Looks awesome!!! What size is it?


----------



## Noobalva (Jan 20, 2013)

Lol oh...ya some details would be nice huh? xD

Its a 26 gallon aqueon bow front; put a fluval c3 filter in it. Used Miracle gro organic potting soil and the Plants are:

Giant Hygro(red)
Hygro Pinnatifida
Ech. Tenellus
Tropical Lilacina
Crypt Wendtii(red)
Ambulia
Java moss and java fern
Cabomba(red)
Wisteria
Medium Amazon Sword(or probably just young lol)

Also gonna have a marino moss ball and hornwort(floating) in there when i transfer Sherlock from the 2.5.


----------



## Fishybitty (Dec 29, 2012)

Oh wow, a lot of room there! I bet he will love it. Looks good!


----------



## aemaki09 (Oct 23, 2012)

I have that same tank! both of them actually! Only my 26 didnt come with a hood and its impossible to find a versa top or anything to buy for it, so I have to keep it open-topped with my sorority girls.

I think it looks really nice though! I've heard that you are supposed to have about 75% of the ground covered in an NPT with mostly fast growing stem plants to start with just to make it easier on you, but I'm not sure how accurate that information is. 

What lighting is that? I have one of those aqueon flourescent strips with a t-8 15w on mine, and while its bright enough to keep the plants alive, I dont notice any spectacular growth, which is why I'm wondering if you have something better on yours!

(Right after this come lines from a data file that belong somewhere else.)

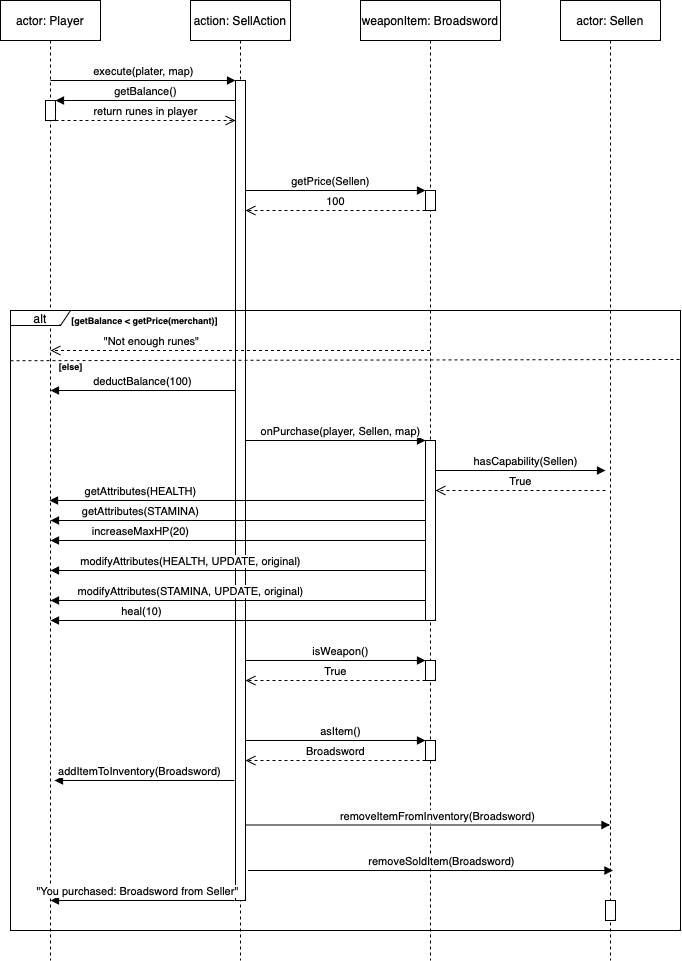

The diagram above was exported from draw.io. Its source (the exported page's mxGraphModel, read from the mxfile embedded in the PNG):
<mxGraphModel dx="570" dy="747" grid="1" gridSize="10" guides="1" tooltips="1" connect="1" arrows="1" fold="1" page="1" pageScale="1" pageWidth="850" pageHeight="1100" background="#ffffff" math="0" shadow="0">
  <root>
    <mxCell id="0" />
    <mxCell id="1" parent="0" />
    <mxCell id="aM9ryv3xv72pqoxQDRHE-1" value="actor: Player" style="shape=umlLifeline;perimeter=lifelinePerimeter;whiteSpace=wrap;html=1;container=0;dropTarget=0;collapsible=0;recursiveResize=0;outlineConnect=0;portConstraint=eastwest;newEdgeStyle={&quot;edgeStyle&quot;:&quot;elbowEdgeStyle&quot;,&quot;elbow&quot;:&quot;vertical&quot;,&quot;curved&quot;:0,&quot;rounded&quot;:0};" parent="1" vertex="1">
      <mxGeometry x="40" y="40" width="100" height="960" as="geometry" />
    </mxCell>
    <mxCell id="aM9ryv3xv72pqoxQDRHE-2" value="" style="html=1;points=[];perimeter=orthogonalPerimeter;outlineConnect=0;targetShapes=umlLifeline;portConstraint=eastwest;newEdgeStyle={&quot;edgeStyle&quot;:&quot;elbowEdgeStyle&quot;,&quot;elbow&quot;:&quot;vertical&quot;,&quot;curved&quot;:0,&quot;rounded&quot;:0};" parent="aM9ryv3xv72pqoxQDRHE-1" vertex="1">
      <mxGeometry x="45" y="100" width="10" height="20" as="geometry" />
    </mxCell>
    <mxCell id="aM9ryv3xv72pqoxQDRHE-5" value="action: SellAction" style="shape=umlLifeline;perimeter=lifelinePerimeter;whiteSpace=wrap;html=1;container=0;dropTarget=0;collapsible=0;recursiveResize=0;outlineConnect=0;portConstraint=eastwest;newEdgeStyle={&quot;edgeStyle&quot;:&quot;elbowEdgeStyle&quot;,&quot;elbow&quot;:&quot;vertical&quot;,&quot;curved&quot;:0,&quot;rounded&quot;:0};" parent="1" vertex="1">
      <mxGeometry x="230" y="40" width="100" height="960" as="geometry" />
    </mxCell>
    <mxCell id="aM9ryv3xv72pqoxQDRHE-6" value="" style="html=1;points=[];perimeter=orthogonalPerimeter;outlineConnect=0;targetShapes=umlLifeline;portConstraint=eastwest;newEdgeStyle={&quot;edgeStyle&quot;:&quot;elbowEdgeStyle&quot;,&quot;elbow&quot;:&quot;vertical&quot;,&quot;curved&quot;:0,&quot;rounded&quot;:0};" parent="aM9ryv3xv72pqoxQDRHE-5" vertex="1">
      <mxGeometry x="45" y="80" width="10" height="820" as="geometry" />
    </mxCell>
    <mxCell id="gYWl8XJf8kUh0vRSFHaR-11" value="deductBalance(100)" style="html=1;verticalAlign=bottom;endArrow=block;edgeStyle=elbowEdgeStyle;elbow=vertical;curved=0;rounded=0;" parent="aM9ryv3xv72pqoxQDRHE-5" edge="1">
      <mxGeometry relative="1" as="geometry">
        <mxPoint x="45" y="390" as="sourcePoint" />
        <Array as="points">
          <mxPoint x="-10" y="390" />
          <mxPoint y="350" />
          <mxPoint x="-10" y="330" />
          <mxPoint x="-45" y="299.76" />
        </Array>
        <mxPoint x="-140" y="390" as="targetPoint" />
      </mxGeometry>
    </mxCell>
    <mxCell id="aM9ryv3xv72pqoxQDRHE-7" value="execute(plater, map)" style="html=1;verticalAlign=bottom;endArrow=block;edgeStyle=elbowEdgeStyle;elbow=vertical;curved=0;rounded=0;" parent="1" target="aM9ryv3xv72pqoxQDRHE-6" edge="1">
      <mxGeometry x="0.0028" relative="1" as="geometry">
        <mxPoint x="90" y="120" as="sourcePoint" />
        <Array as="points">
          <mxPoint x="180" y="120" />
        </Array>
        <mxPoint as="offset" />
      </mxGeometry>
    </mxCell>
    <mxCell id="aM9ryv3xv72pqoxQDRHE-9" value="getBalance()" style="html=1;verticalAlign=bottom;endArrow=block;edgeStyle=elbowEdgeStyle;elbow=vertical;curved=0;rounded=0;" parent="1" source="aM9ryv3xv72pqoxQDRHE-6" target="aM9ryv3xv72pqoxQDRHE-2" edge="1">
      <mxGeometry relative="1" as="geometry">
        <mxPoint x="175" y="160" as="sourcePoint" />
        <Array as="points">
          <mxPoint x="220" y="140" />
          <mxPoint x="190" y="160" />
        </Array>
        <mxPoint x="100" y="160" as="targetPoint" />
      </mxGeometry>
    </mxCell>
    <mxCell id="gYWl8XJf8kUh0vRSFHaR-1" value="weaponItem: Broadsword" style="shape=umlLifeline;perimeter=lifelinePerimeter;whiteSpace=wrap;html=1;container=0;dropTarget=0;collapsible=0;recursiveResize=0;outlineConnect=0;portConstraint=eastwest;newEdgeStyle={&quot;edgeStyle&quot;:&quot;elbowEdgeStyle&quot;,&quot;elbow&quot;:&quot;vertical&quot;,&quot;curved&quot;:0,&quot;rounded&quot;:0};" parent="1" vertex="1">
      <mxGeometry x="400" y="40" width="140" height="960" as="geometry" />
    </mxCell>
    <mxCell id="gYWl8XJf8kUh0vRSFHaR-16" value="" style="html=1;points=[];perimeter=orthogonalPerimeter;outlineConnect=0;targetShapes=umlLifeline;portConstraint=eastwest;newEdgeStyle={&quot;edgeStyle&quot;:&quot;elbowEdgeStyle&quot;,&quot;elbow&quot;:&quot;vertical&quot;,&quot;curved&quot;:0,&quot;rounded&quot;:0};" parent="gYWl8XJf8kUh0vRSFHaR-1" vertex="1">
      <mxGeometry x="65" y="440" width="10" height="180" as="geometry" />
    </mxCell>
    <mxCell id="gYWl8XJf8kUh0vRSFHaR-2" value="" style="html=1;points=[];perimeter=orthogonalPerimeter;outlineConnect=0;targetShapes=umlLifeline;portConstraint=eastwest;newEdgeStyle={&quot;edgeStyle&quot;:&quot;elbowEdgeStyle&quot;,&quot;elbow&quot;:&quot;vertical&quot;,&quot;curved&quot;:0,&quot;rounded&quot;:0};" parent="gYWl8XJf8kUh0vRSFHaR-1" vertex="1">
      <mxGeometry x="65" y="190" width="10" height="20" as="geometry" />
    </mxCell>
    <mxCell id="gYWl8XJf8kUh0vRSFHaR-7" value="getPrice(Sellen)" style="html=1;verticalAlign=bottom;endArrow=block;edgeStyle=elbowEdgeStyle;elbow=vertical;curved=0;rounded=0;" parent="gYWl8XJf8kUh0vRSFHaR-1" target="gYWl8XJf8kUh0vRSFHaR-2" edge="1">
      <mxGeometry x="0.0028" relative="1" as="geometry">
        <mxPoint x="-115" y="200" as="sourcePoint" />
        <Array as="points">
          <mxPoint x="40" y="190" />
          <mxPoint x="30" y="210" />
          <mxPoint x="-30" y="200" />
        </Array>
        <mxPoint x="70" y="200.24" as="targetPoint" />
        <mxPoint as="offset" />
      </mxGeometry>
    </mxCell>
    <mxCell id="gYWl8XJf8kUh0vRSFHaR-9" value="100" style="html=1;verticalAlign=bottom;endArrow=open;dashed=1;endSize=8;edgeStyle=elbowEdgeStyle;elbow=vertical;curved=0;rounded=0;" parent="gYWl8XJf8kUh0vRSFHaR-1" source="gYWl8XJf8kUh0vRSFHaR-2" edge="1">
      <mxGeometry relative="1" as="geometry">
        <mxPoint x="-115" y="210" as="targetPoint" />
        <Array as="points">
          <mxPoint x="30" y="210" />
          <mxPoint x="20" y="230" />
          <mxPoint x="-25" y="219.76" />
        </Array>
        <mxPoint x="60" y="219.76" as="sourcePoint" />
        <mxPoint as="offset" />
      </mxGeometry>
    </mxCell>
    <mxCell id="gYWl8XJf8kUh0vRSFHaR-54" value="" style="html=1;points=[];perimeter=orthogonalPerimeter;outlineConnect=0;targetShapes=umlLifeline;portConstraint=eastwest;newEdgeStyle={&quot;edgeStyle&quot;:&quot;elbowEdgeStyle&quot;,&quot;elbow&quot;:&quot;vertical&quot;,&quot;curved&quot;:0,&quot;rounded&quot;:0};" parent="gYWl8XJf8kUh0vRSFHaR-1" vertex="1">
      <mxGeometry x="65" y="660" width="10" height="20" as="geometry" />
    </mxCell>
    <mxCell id="gYWl8XJf8kUh0vRSFHaR-3" value="actor: Sellen" style="shape=umlLifeline;perimeter=lifelinePerimeter;whiteSpace=wrap;html=1;container=0;dropTarget=0;collapsible=0;recursiveResize=0;outlineConnect=0;portConstraint=eastwest;newEdgeStyle={&quot;edgeStyle&quot;:&quot;elbowEdgeStyle&quot;,&quot;elbow&quot;:&quot;vertical&quot;,&quot;curved&quot;:0,&quot;rounded&quot;:0};" parent="1" vertex="1">
      <mxGeometry x="600" y="40" width="100" height="960" as="geometry" />
    </mxCell>
    <mxCell id="gYWl8XJf8kUh0vRSFHaR-4" value="" style="html=1;points=[];perimeter=orthogonalPerimeter;outlineConnect=0;targetShapes=umlLifeline;portConstraint=eastwest;newEdgeStyle={&quot;edgeStyle&quot;:&quot;elbowEdgeStyle&quot;,&quot;elbow&quot;:&quot;vertical&quot;,&quot;curved&quot;:0,&quot;rounded&quot;:0};" parent="gYWl8XJf8kUh0vRSFHaR-3" vertex="1">
      <mxGeometry x="45" y="900" width="10" height="20" as="geometry" />
    </mxCell>
    <mxCell id="gYWl8XJf8kUh0vRSFHaR-5" value="return runes in player" style="html=1;verticalAlign=bottom;endArrow=open;dashed=1;endSize=8;edgeStyle=elbowEdgeStyle;elbow=vertical;curved=0;rounded=0;" parent="1" source="aM9ryv3xv72pqoxQDRHE-2" edge="1">
      <mxGeometry relative="1" as="geometry">
        <mxPoint x="275" y="160" as="targetPoint" />
        <Array as="points">
          <mxPoint x="180" y="160" />
        </Array>
        <mxPoint x="90" y="140" as="sourcePoint" />
      </mxGeometry>
    </mxCell>
    <mxCell id="gYWl8XJf8kUh0vRSFHaR-37" value="&quot;Not enough runes&quot;" style="html=1;verticalAlign=bottom;endArrow=open;dashed=1;endSize=8;edgeStyle=elbowEdgeStyle;elbow=vertical;curved=0;rounded=0;" parent="1" source="gYWl8XJf8kUh0vRSFHaR-1" edge="1">
      <mxGeometry x="0.473" relative="1" as="geometry">
        <mxPoint x="90" y="390" as="targetPoint" />
        <Array as="points">
          <mxPoint x="210" y="390" />
          <mxPoint x="235" y="380" />
          <mxPoint x="225" y="400" />
          <mxPoint x="180" y="389.76" />
        </Array>
        <mxPoint x="270" y="380" as="sourcePoint" />
        <mxPoint x="1" as="offset" />
      </mxGeometry>
    </mxCell>
    <mxCell id="gYWl8XJf8kUh0vRSFHaR-17" value="onPurchase(player, Sellen, map)" style="html=1;verticalAlign=bottom;endArrow=block;edgeStyle=elbowEdgeStyle;elbow=vertical;curved=0;rounded=0;" parent="1" edge="1">
      <mxGeometry x="0.0556" relative="1" as="geometry">
        <mxPoint x="285" y="480" as="sourcePoint" />
        <Array as="points">
          <mxPoint x="340" y="480" />
          <mxPoint x="290" y="350" />
        </Array>
        <mxPoint x="465" y="480" as="targetPoint" />
        <mxPoint as="offset" />
      </mxGeometry>
    </mxCell>
    <mxCell id="gYWl8XJf8kUh0vRSFHaR-41" value="alt" style="shape=umlFrame;whiteSpace=wrap;html=1;pointerEvents=0;width=60;height=15;" parent="1" vertex="1">
      <mxGeometry x="50" y="350" width="670" height="620" as="geometry" />
    </mxCell>
    <mxCell id="gYWl8XJf8kUh0vRSFHaR-42" value="[getBalance &amp;lt; getPrice(merchant)]" style="text;align=center;fontStyle=1;verticalAlign=middle;spacingLeft=3;spacingRight=3;strokeColor=none;rotatable=0;points=[[0,0.5],[1,0.5]];portConstraint=eastwest;html=1;fontSize=9;" parent="1" vertex="1">
      <mxGeometry x="114" y="347" width="140" height="26" as="geometry" />
    </mxCell>
    <mxCell id="gYWl8XJf8kUh0vRSFHaR-45" value="" style="endArrow=none;dashed=1;html=1;rounded=0;exitX=0;exitY=0.081;exitDx=0;exitDy=0;exitPerimeter=0;entryX=0.999;entryY=0.079;entryDx=0;entryDy=0;entryPerimeter=0;" parent="1" source="gYWl8XJf8kUh0vRSFHaR-41" target="gYWl8XJf8kUh0vRSFHaR-41" edge="1">
      <mxGeometry width="50" height="50" relative="1" as="geometry">
        <mxPoint x="51" y="461.4200000000001" as="sourcePoint" />
        <mxPoint x="549" y="460" as="targetPoint" />
      </mxGeometry>
    </mxCell>
    <mxCell id="gYWl8XJf8kUh0vRSFHaR-46" value="[else]" style="text;align=center;fontStyle=1;verticalAlign=middle;spacingLeft=3;spacingRight=3;strokeColor=none;rotatable=0;points=[[0,0.5],[1,0.5]];portConstraint=eastwest;html=1;fontSize=9;" parent="1" vertex="1">
      <mxGeometry x="40" y="393" width="140" height="26" as="geometry" />
    </mxCell>
    <mxCell id="gYWl8XJf8kUh0vRSFHaR-22" value="increaseMaxHP(20)" style="html=1;verticalAlign=bottom;endArrow=block;edgeStyle=elbowEdgeStyle;elbow=vertical;curved=0;rounded=0;" parent="1" edge="1">
      <mxGeometry x="0.52" relative="1" as="geometry">
        <mxPoint x="465" y="580" as="sourcePoint" />
        <Array as="points">
          <mxPoint x="270" y="580" />
          <mxPoint x="320" y="540" />
          <mxPoint x="285" y="509.76" />
        </Array>
        <mxPoint x="90" y="580" as="targetPoint" />
        <mxPoint as="offset" />
      </mxGeometry>
    </mxCell>
    <mxCell id="gYWl8XJf8kUh0vRSFHaR-55" value="isWeapon()" style="html=1;verticalAlign=bottom;endArrow=block;edgeStyle=elbowEdgeStyle;elbow=vertical;curved=0;rounded=0;" parent="1" edge="1">
      <mxGeometry x="0.0556" relative="1" as="geometry">
        <mxPoint x="285" y="700" as="sourcePoint" />
        <Array as="points">
          <mxPoint x="340" y="700" />
          <mxPoint x="290" y="570" />
        </Array>
        <mxPoint x="465" y="700" as="targetPoint" />
        <mxPoint as="offset" />
      </mxGeometry>
    </mxCell>
    <mxCell id="gYWl8XJf8kUh0vRSFHaR-56" value="True" style="html=1;verticalAlign=bottom;endArrow=open;dashed=1;endSize=8;edgeStyle=elbowEdgeStyle;elbow=vertical;curved=0;rounded=0;" parent="1" source="gYWl8XJf8kUh0vRSFHaR-54" edge="1">
      <mxGeometry relative="1" as="geometry">
        <mxPoint x="285" y="720" as="targetPoint" />
        <Array as="points">
          <mxPoint x="430" y="720" />
          <mxPoint x="420" y="740" />
          <mxPoint x="375" y="729.76" />
        </Array>
        <mxPoint x="465" y="720" as="sourcePoint" />
        <mxPoint as="offset" />
      </mxGeometry>
    </mxCell>
    <mxCell id="gYWl8XJf8kUh0vRSFHaR-61" value="" style="html=1;points=[];perimeter=orthogonalPerimeter;outlineConnect=0;targetShapes=umlLifeline;portConstraint=eastwest;newEdgeStyle={&quot;edgeStyle&quot;:&quot;elbowEdgeStyle&quot;,&quot;elbow&quot;:&quot;vertical&quot;,&quot;curved&quot;:0,&quot;rounded&quot;:0};" parent="1" vertex="1">
      <mxGeometry x="465" y="780" width="10" height="20" as="geometry" />
    </mxCell>
    <mxCell id="gYWl8XJf8kUh0vRSFHaR-62" value="asItem()" style="html=1;verticalAlign=bottom;endArrow=block;edgeStyle=elbowEdgeStyle;elbow=vertical;curved=0;rounded=0;" parent="1" edge="1">
      <mxGeometry x="0.0556" relative="1" as="geometry">
        <mxPoint x="285" y="780" as="sourcePoint" />
        <Array as="points">
          <mxPoint x="340" y="780" />
          <mxPoint x="290" y="650" />
        </Array>
        <mxPoint x="465" y="780" as="targetPoint" />
        <mxPoint as="offset" />
      </mxGeometry>
    </mxCell>
    <mxCell id="gYWl8XJf8kUh0vRSFHaR-63" value="Broadsword" style="html=1;verticalAlign=bottom;endArrow=open;dashed=1;endSize=8;edgeStyle=elbowEdgeStyle;elbow=vertical;curved=0;rounded=0;" parent="1" source="gYWl8XJf8kUh0vRSFHaR-61" edge="1">
      <mxGeometry relative="1" as="geometry">
        <mxPoint x="285" y="800" as="targetPoint" />
        <Array as="points">
          <mxPoint x="430" y="800" />
          <mxPoint x="420" y="820" />
          <mxPoint x="375" y="809.76" />
        </Array>
        <mxPoint x="465" y="800" as="sourcePoint" />
        <mxPoint as="offset" />
      </mxGeometry>
    </mxCell>
    <mxCell id="gYWl8XJf8kUh0vRSFHaR-64" value="addItemToInventory(Broadsword)" style="html=1;verticalAlign=bottom;endArrow=block;edgeStyle=elbowEdgeStyle;elbow=vertical;curved=0;rounded=0;" parent="1" edge="1">
      <mxGeometry x="0.0556" relative="1" as="geometry">
        <mxPoint x="274" y="820" as="sourcePoint" />
        <Array as="points">
          <mxPoint x="269" y="820" />
          <mxPoint x="334" y="780" />
          <mxPoint x="299" y="749.76" />
        </Array>
        <mxPoint x="94" y="820" as="targetPoint" />
        <mxPoint as="offset" />
      </mxGeometry>
    </mxCell>
    <mxCell id="gYWl8XJf8kUh0vRSFHaR-18" value="getAttributes(HEALTH)" style="html=1;verticalAlign=bottom;endArrow=block;edgeStyle=elbowEdgeStyle;elbow=vertical;curved=0;rounded=0;" parent="1" edge="1">
      <mxGeometry x="0.5147" relative="1" as="geometry">
        <mxPoint x="464" y="540" as="sourcePoint" />
        <Array as="points">
          <mxPoint x="259" y="540" />
          <mxPoint x="314" y="500" />
          <mxPoint x="279" y="469.76" />
        </Array>
        <mxPoint x="89" y="540" as="targetPoint" />
        <mxPoint as="offset" />
      </mxGeometry>
    </mxCell>
    <mxCell id="gYWl8XJf8kUh0vRSFHaR-71" value="hasCapability(Sellen)" style="html=1;verticalAlign=bottom;endArrow=block;edgeStyle=elbowEdgeStyle;elbow=vertical;curved=0;rounded=0;" parent="1" source="gYWl8XJf8kUh0vRSFHaR-16" edge="1">
      <mxGeometry x="0.0556" relative="1" as="geometry">
        <mxPoint x="465" y="510" as="sourcePoint" />
        <Array as="points">
          <mxPoint x="520" y="510" />
          <mxPoint x="470" y="380" />
        </Array>
        <mxPoint x="645" y="510" as="targetPoint" />
        <mxPoint as="offset" />
      </mxGeometry>
    </mxCell>
    <mxCell id="gYWl8XJf8kUh0vRSFHaR-72" value="True" style="html=1;verticalAlign=bottom;endArrow=open;dashed=1;endSize=8;edgeStyle=elbowEdgeStyle;elbow=vertical;curved=0;rounded=0;" parent="1" target="gYWl8XJf8kUh0vRSFHaR-16" edge="1">
      <mxGeometry relative="1" as="geometry">
        <mxPoint x="465" y="530" as="targetPoint" />
        <Array as="points">
          <mxPoint x="610" y="530" />
          <mxPoint x="600" y="550" />
          <mxPoint x="555" y="539.76" />
        </Array>
        <mxPoint x="645" y="530" as="sourcePoint" />
        <mxPoint as="offset" />
      </mxGeometry>
    </mxCell>
    <mxCell id="gYWl8XJf8kUh0vRSFHaR-73" value="getAttributes(STAMINA)" style="html=1;verticalAlign=bottom;endArrow=block;edgeStyle=elbowEdgeStyle;elbow=vertical;curved=0;rounded=0;" parent="1" edge="1">
      <mxGeometry x="0.52" relative="1" as="geometry">
        <mxPoint x="465" y="560" as="sourcePoint" />
        <Array as="points">
          <mxPoint x="260" y="560" />
          <mxPoint x="315" y="520" />
          <mxPoint x="280" y="489.76" />
        </Array>
        <mxPoint x="90" y="560" as="targetPoint" />
        <mxPoint as="offset" />
      </mxGeometry>
    </mxCell>
    <mxCell id="gYWl8XJf8kUh0vRSFHaR-75" value="modifyAttributes(STAMINA, UPDATE, original)" style="html=1;verticalAlign=bottom;endArrow=block;edgeStyle=elbowEdgeStyle;elbow=vertical;curved=0;rounded=0;" parent="1" edge="1">
      <mxGeometry x="0.2533" relative="1" as="geometry">
        <mxPoint x="465" y="640" as="sourcePoint" />
        <Array as="points">
          <mxPoint x="260" y="640" />
          <mxPoint x="315" y="600" />
          <mxPoint x="280" y="569.76" />
        </Array>
        <mxPoint x="90" y="640" as="targetPoint" />
        <mxPoint as="offset" />
      </mxGeometry>
    </mxCell>
    <mxCell id="gYWl8XJf8kUh0vRSFHaR-76" value="modifyAttributes(HEALTH, UPDATE, original)" style="html=1;verticalAlign=bottom;endArrow=block;edgeStyle=elbowEdgeStyle;elbow=vertical;curved=0;rounded=0;" parent="1" edge="1">
      <mxGeometry x="0.2533" relative="1" as="geometry">
        <mxPoint x="465" y="610" as="sourcePoint" />
        <Array as="points">
          <mxPoint x="260" y="610" />
          <mxPoint x="315" y="570" />
          <mxPoint x="280" y="539.76" />
        </Array>
        <mxPoint x="90" y="610" as="targetPoint" />
        <mxPoint as="offset" />
      </mxGeometry>
    </mxCell>
    <mxCell id="gYWl8XJf8kUh0vRSFHaR-77" value="heal(10)" style="html=1;verticalAlign=bottom;endArrow=block;edgeStyle=elbowEdgeStyle;elbow=vertical;curved=0;rounded=0;" parent="1" edge="1">
      <mxGeometry x="0.5147" relative="1" as="geometry">
        <mxPoint x="465" y="660" as="sourcePoint" />
        <Array as="points">
          <mxPoint x="260" y="660" />
          <mxPoint x="315" y="620" />
          <mxPoint x="280" y="589.76" />
        </Array>
        <mxPoint x="90" y="660" as="targetPoint" />
        <mxPoint as="offset" />
      </mxGeometry>
    </mxCell>
    <mxCell id="gYWl8XJf8kUh0vRSFHaR-79" value="removeItemFromInventory(Broadsword)" style="html=1;verticalAlign=bottom;endArrow=block;edgeStyle=elbowEdgeStyle;elbow=vertical;curved=0;rounded=0;" parent="1" target="gYWl8XJf8kUh0vRSFHaR-3" edge="1">
      <mxGeometry x="0.0535" relative="1" as="geometry">
        <mxPoint x="285" y="864.5" as="sourcePoint" />
        <Array as="points">
          <mxPoint x="340" y="864.5" />
          <mxPoint x="290" y="734.5" />
        </Array>
        <mxPoint x="465" y="864.5" as="targetPoint" />
        <mxPoint as="offset" />
      </mxGeometry>
    </mxCell>
    <mxCell id="gYWl8XJf8kUh0vRSFHaR-80" value="removeSoldItem(Broadsword)" style="html=1;verticalAlign=bottom;endArrow=block;edgeStyle=elbowEdgeStyle;elbow=vertical;curved=0;rounded=0;" parent="1" edge="1">
      <mxGeometry x="0.0535" relative="1" as="geometry">
        <mxPoint x="287.5" y="910" as="sourcePoint" />
        <Array as="points">
          <mxPoint x="342.5" y="910" />
          <mxPoint x="292.5" y="780" />
        </Array>
        <mxPoint x="652.5" y="910.5" as="targetPoint" />
        <mxPoint as="offset" />
      </mxGeometry>
    </mxCell>
    <mxCell id="gYWl8XJf8kUh0vRSFHaR-81" value="&quot;You purchased: Broadsword from Seller&quot;" style="html=1;verticalAlign=bottom;endArrow=block;edgeStyle=elbowEdgeStyle;elbow=vertical;curved=0;rounded=0;" parent="1" edge="1">
      <mxGeometry x="0.0556" relative="1" as="geometry">
        <mxPoint x="274" y="940" as="sourcePoint" />
        <Array as="points">
          <mxPoint x="269" y="940" />
          <mxPoint x="334" y="900" />
          <mxPoint x="299" y="869.76" />
        </Array>
        <mxPoint x="90" y="940" as="targetPoint" />
        <mxPoint as="offset" />
      </mxGeometry>
    </mxCell>
  </root>
</mxGraphModel>

Goodluck with it! I'm dying to turn my tanks into NPT's but I dont have the time to spend on setting them up all over again right now. I would love to hear about your progress!


----------



## Noobalva (Jan 20, 2013)

Lol yea they make great tanks imo...i bought this one as a package deal at my local petsmart, was just over $100. 

Came wih the hood, 30 gal pump(which im gonna give away) lol, anything needed to get started and a full spectrum aqueon florescent light...i might buy a better one cuz i assume they only give you the minimum light requirement for plants, so we'll see; gonna keep an eye and see how my plants do then i'll decide. (EDIT: the internets says it comes with an Aqueon T8 daylight lamp, so probably same as yours Aemaki)

And yea it took me the whole day to set it up, started at 3:30pm and went all the way till 10pm lol, my gf just sat and laughed at my labour all day. So it does take some time.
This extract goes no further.